Design and Simulation of Muon Detector using Wavelength-Shifting Fiber Readout for Border Security

Cosmic ray muon tomography is a promising method for the non-invasive inspection of shipping containers and trucks. It leverages the highly penetrating cosmic muons and their interactions with various materials to generate three-dimensional images of large and dense objects, such as inter-modal shipping containers, which are typically opaque to conventional X-ray radiography techniques. One of the key tasks of customs and border security is verifying shipping container declarations to prevent illegal trafficking, and muon tomography offers a viable solution for this purpose.
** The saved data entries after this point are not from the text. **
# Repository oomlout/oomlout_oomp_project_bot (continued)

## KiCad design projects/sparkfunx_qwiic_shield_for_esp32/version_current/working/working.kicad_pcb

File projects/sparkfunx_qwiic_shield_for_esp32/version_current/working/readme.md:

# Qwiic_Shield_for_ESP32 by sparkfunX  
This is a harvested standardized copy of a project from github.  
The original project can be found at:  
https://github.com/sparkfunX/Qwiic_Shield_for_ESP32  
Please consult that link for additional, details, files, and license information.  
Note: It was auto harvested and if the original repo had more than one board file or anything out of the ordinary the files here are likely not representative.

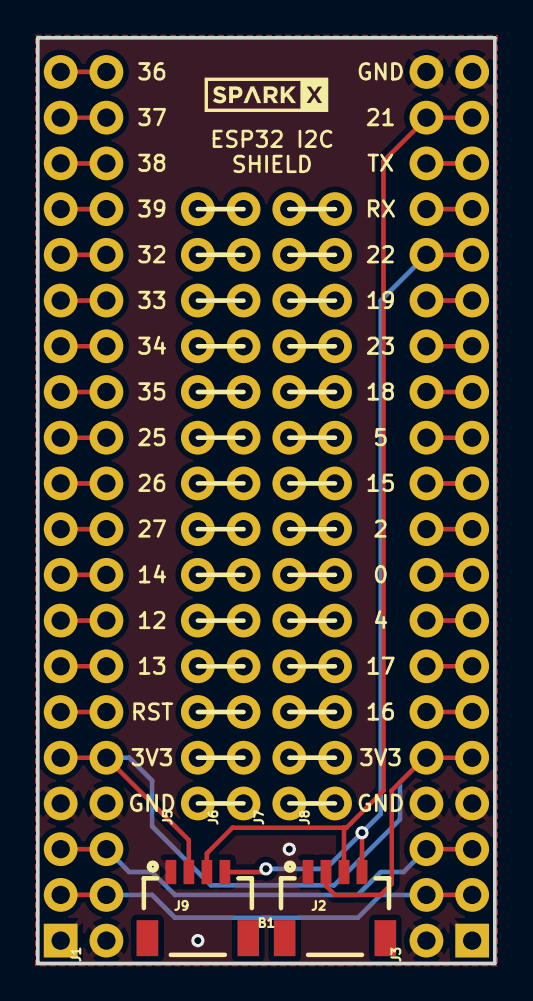
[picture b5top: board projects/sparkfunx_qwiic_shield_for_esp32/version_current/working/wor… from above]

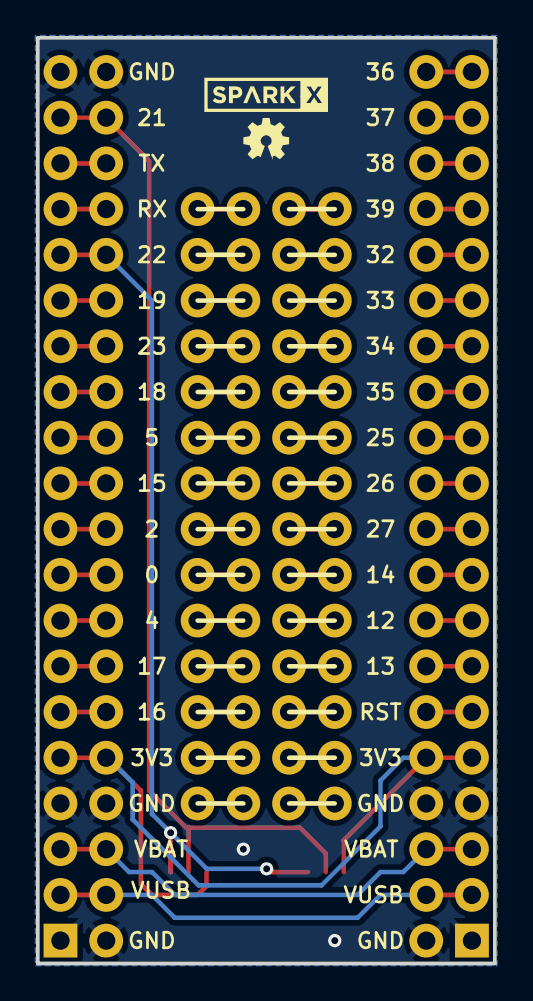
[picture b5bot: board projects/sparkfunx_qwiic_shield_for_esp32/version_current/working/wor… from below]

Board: 16 copper layers, 25.4 x 51.4 mm, 13 parts (2 on the bottom side), 61 nets.

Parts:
B1: ESP32_THING
FRAME1: FRAME-LETTERNO_PACKAGE; DUMMY
J1, J3: 1X20_NOSILK
J2, J9: 1X04_1MM_RA
J5, J6, J7, J8: 1X14_NO_SILK
LOGO1: OSHW-LOGOMINI; OSHW-LOGO-MINI
U$1, U$2: SPARKX-LOGO3; SPARKX-SMALL

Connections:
0: B1.32, J3.9
2: B1.31, J3.10
3.3V: B1.5, B1.36, J1.5, J2.2, J3.5, J9.2
4: B1.33, J3.8
5: B1.29, J3.12
12: B1.8, J1.8
13: B1.7, J1.7
14: B1.9, J1.9
15: B1.30, J3.11
16: B1.35, J3.6
17: B1.34, J3.7
25: B1.12, J1.12
26: B1.11, J1.11
27: B1.10, J1.10
32: B1.16, J1.16
33: B1.15, J1.15
34: B1.14, J1.14
35: B1.13, J1.13
36: B1.20, J1.20
37: B1.19, J1.19
38: B1.18, J1.18
39: B1.17, J1.17
GND: B1.1, B1.4, B1.21, B1.37, B1.40, J1.1, J1.4, J2.1, J3.1, J3.4, J3.20, J9.1
MISO: B1.26, J3.15
MOSI: B1.27, J3.14
unnamed: J7.1, J8.1
unnamed: J7.2, J8.2
unnamed: J7.3, J8.3
unnamed: J7.4, J8.4
unnamed: J7.5, J8.5
unnamed: J7.6, J8.6
unnamed: J7.7, J8.7
unnamed: J7.8, J8.8
unnamed: J7.9, J8.9
unnamed: J7.10, J8.10
unnamed: J7.11, J8.11
unnamed: J7.12, J8.12
unnamed: J7.13, J8.13
unnamed: J7.14, J8.14
unnamed: J5.1, J6.1
unnamed: J5.2, J6.2
unnamed: J5.3, J6.3
unnamed: J5.4, J6.4
unnamed: J5.5, J6.5
unnamed: J5.6, J6.6
unnamed: J5.7, J6.7
unnamed: J5.8, J6.8
unnamed: J5.9, J6.9
unnamed: J5.10, J6.10
unnamed: J5.11, J6.11
unnamed: J5.12, J6.12
unnamed: J5.13, J6.13
unnamed: J5.14, J6.14
RST: B1.6, J1.6
RX: B1.24, J3.17
SCK: B1.28, J3.13
SCL: B1.25, J2.4, J3.16, J9.4
SDA: B1.22, J2.3, J3.19, J9.3
TX: B1.23, J3.18
VBAT: B1.3, B1.38, J1.3, J3.3
VUSB: B1.2, B1.39, J1.2, J3.2

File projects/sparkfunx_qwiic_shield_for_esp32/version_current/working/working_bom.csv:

"Id";"Designator";"Footprint";"Quantity";"Designation";"Supplier and ref";
1;"J3,J1";"1X20_NOSILK";2;"";;;
2;"J2,J9";"1X04_1MM_RA";2;"";;;
3;"FRAME1";"DUMMY";1;"FRAME-LETTERNO_PACKAGE";;;
4;"J6,J7,J5,J8";"1X14_NO_SILK";4;"";;;
5;"B1";"ESP32_THING";1;"ESP32_THING";;;
6;"U$1,U$2";"SPARKX-SMALL";2;"SPARKX-LOGO3";;;
7;"LOGO1";"OSHW-LOGO-MINI";1;"OSHW-LOGOMINI";;;

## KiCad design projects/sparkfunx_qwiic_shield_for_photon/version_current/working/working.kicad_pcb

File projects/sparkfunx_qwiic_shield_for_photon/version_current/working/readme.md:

# OOMP Project  
## Qwiic_Shield_for_Photon  by sparkfunX  
  
oomp key: oomp_projects_flat_sparkfunx_qwiic_shield_for_photon  
(snippet of original readme)  
  
Qwiic Shield for Photon   
========================================  

[*SPX-14202*](https://www.sparkfun.com/products/14202)  
  
The Qwiic Shield for Photo connects the I<sup>2</sup>C bus (GND, 3.3V, SDA, and SCL) from the [Particle Photon](https://www.sparkfun.com/products/13774) to the SparkFun Qwiic system.   
  
License Information  
-------------------  
  
This product is _**open source**_!  
  
Please review the LICENSE.md file for license information.  
  
If you have any questions or concerns on licensing, please contact techsupport@sparkfun.com.  
  
Distributed as-is; no warranty is given.  
  
- Your friends at SparkFun.  
  
_<COLLABORATION CREDIT>_  
  
  full source readme at [readme_src.md](readme_src.md)  
  
source repo at: [https://github.com/sparkfunX/Qwiic_Shield_for_Photon](https://github.com/sparkfunX/Qwiic_Shield_for_Photon)  
## Board  

## Schematic  

[schematic pdf](working_schematic.pdf)  
## Images

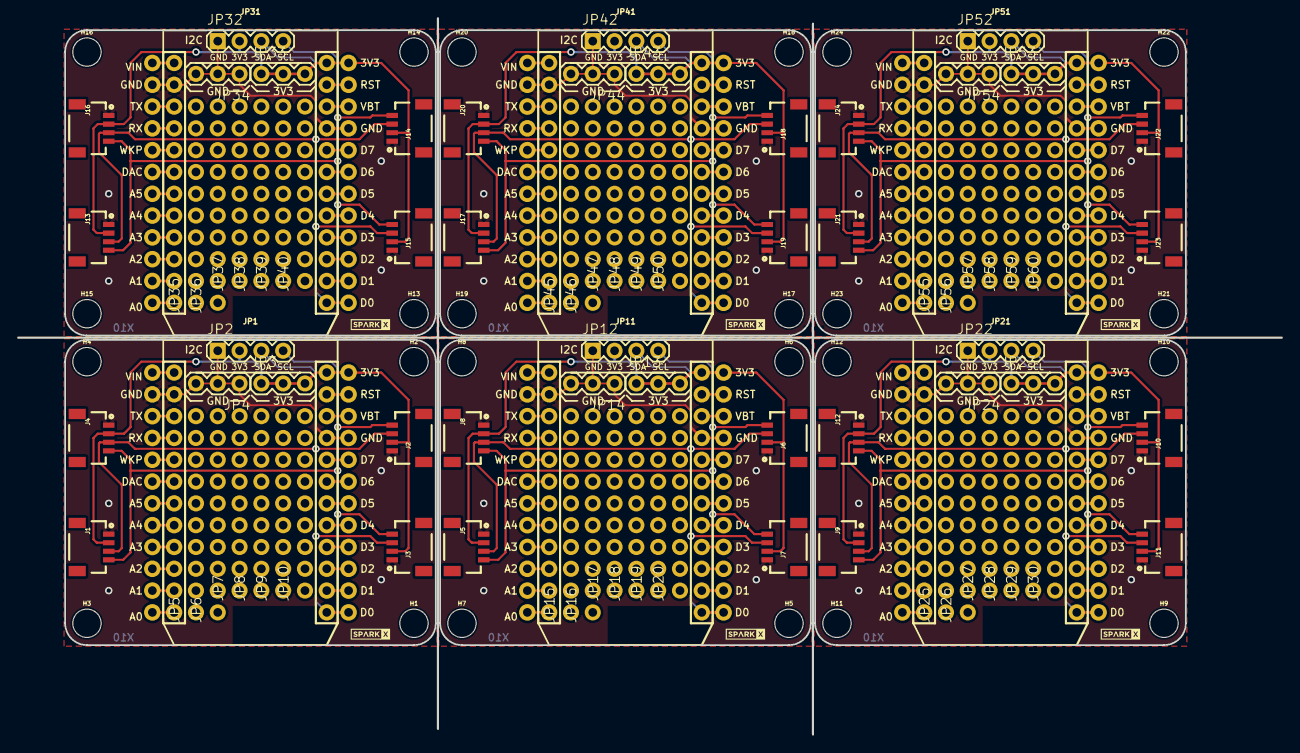
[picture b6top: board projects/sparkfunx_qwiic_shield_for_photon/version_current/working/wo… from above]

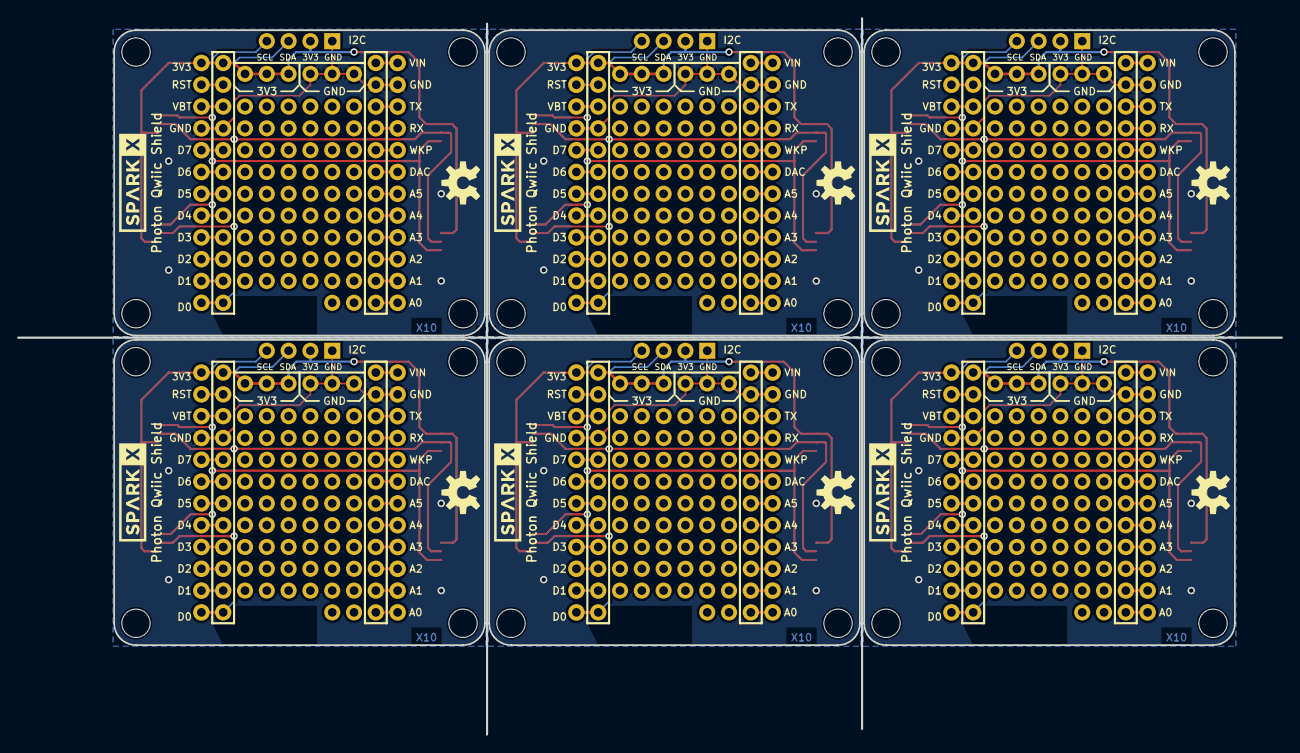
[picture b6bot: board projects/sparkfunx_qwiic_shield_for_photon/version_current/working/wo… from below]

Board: 2 copper layers, 147.2 x 83.4 mm, 126 parts (12 on the bottom side), 138 nets.

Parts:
H1, H2, H3, H4, H5, H6, H7, H8, H9, H10, H11, H12, H13, H14, H15, H16, H17, H18, H19, H20, H21, H22, H23, H24: STAND-OFF
J1, J2, J3, J4, J5, J6, J7, J8, J9, J10, J11, J12, J13, J14, J15, J16, J17, J18, J19, J20, J21, J22, J23, J24: 1X04_1MM_RA
JP1, JP11, JP21, JP31, JP41, JP51: PARTICLE_PHOTONTEMPLATE_NO_STANDOFF; PARTICLE_PHOTON_TEMPLATE_NO_STANDOFF
JP2, JP12, JP22, JP32, JP42, JP52: 1X04
JP3, JP4, JP13, JP14, JP23, JP24, JP33, JP34, JP43, JP44, JP53, JP54: 1X03
JP5, JP6, JP15, JP16, JP25, JP26, JP35, JP36, JP45, JP46, JP55, JP56: 1X10_NO_SILK
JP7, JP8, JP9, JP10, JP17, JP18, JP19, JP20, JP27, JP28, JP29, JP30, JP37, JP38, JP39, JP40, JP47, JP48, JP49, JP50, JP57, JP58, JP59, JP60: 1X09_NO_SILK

Common imaging methods using muons rely on data analysis of either muon scattering or absorption-transmission. We have designed a compact muon tomography system with dimensions of 3 × 3 × 3 m3, consisting of 2-D position-sensitive detectors. These detectors include plastic scintillators, wavelength-shifting (WLS) fibers, and SiPMs. Through light transport modeling with GEANT4, we demonstrated that the proposed detector design—featuring 1 m × 1 m scintillator plates with 2 mm2 square-shaped WLS fibers—can achieve a spatial resolution of approximately 0.7-1.0 mm. Through Monte Carlo simulations, we show that a combined analysis of muon scattering and absorption data enables prompt identification of cargo materials. In a smuggling scenario where tobacco is declared as paper towel rolls, the combined analysis accurately distinguishes between tobacco and paper towel rolls with 3 σ confidence at 1 mm spatial resolution, within a short scanning time of 40 seconds for the entire 20-foot shipping container.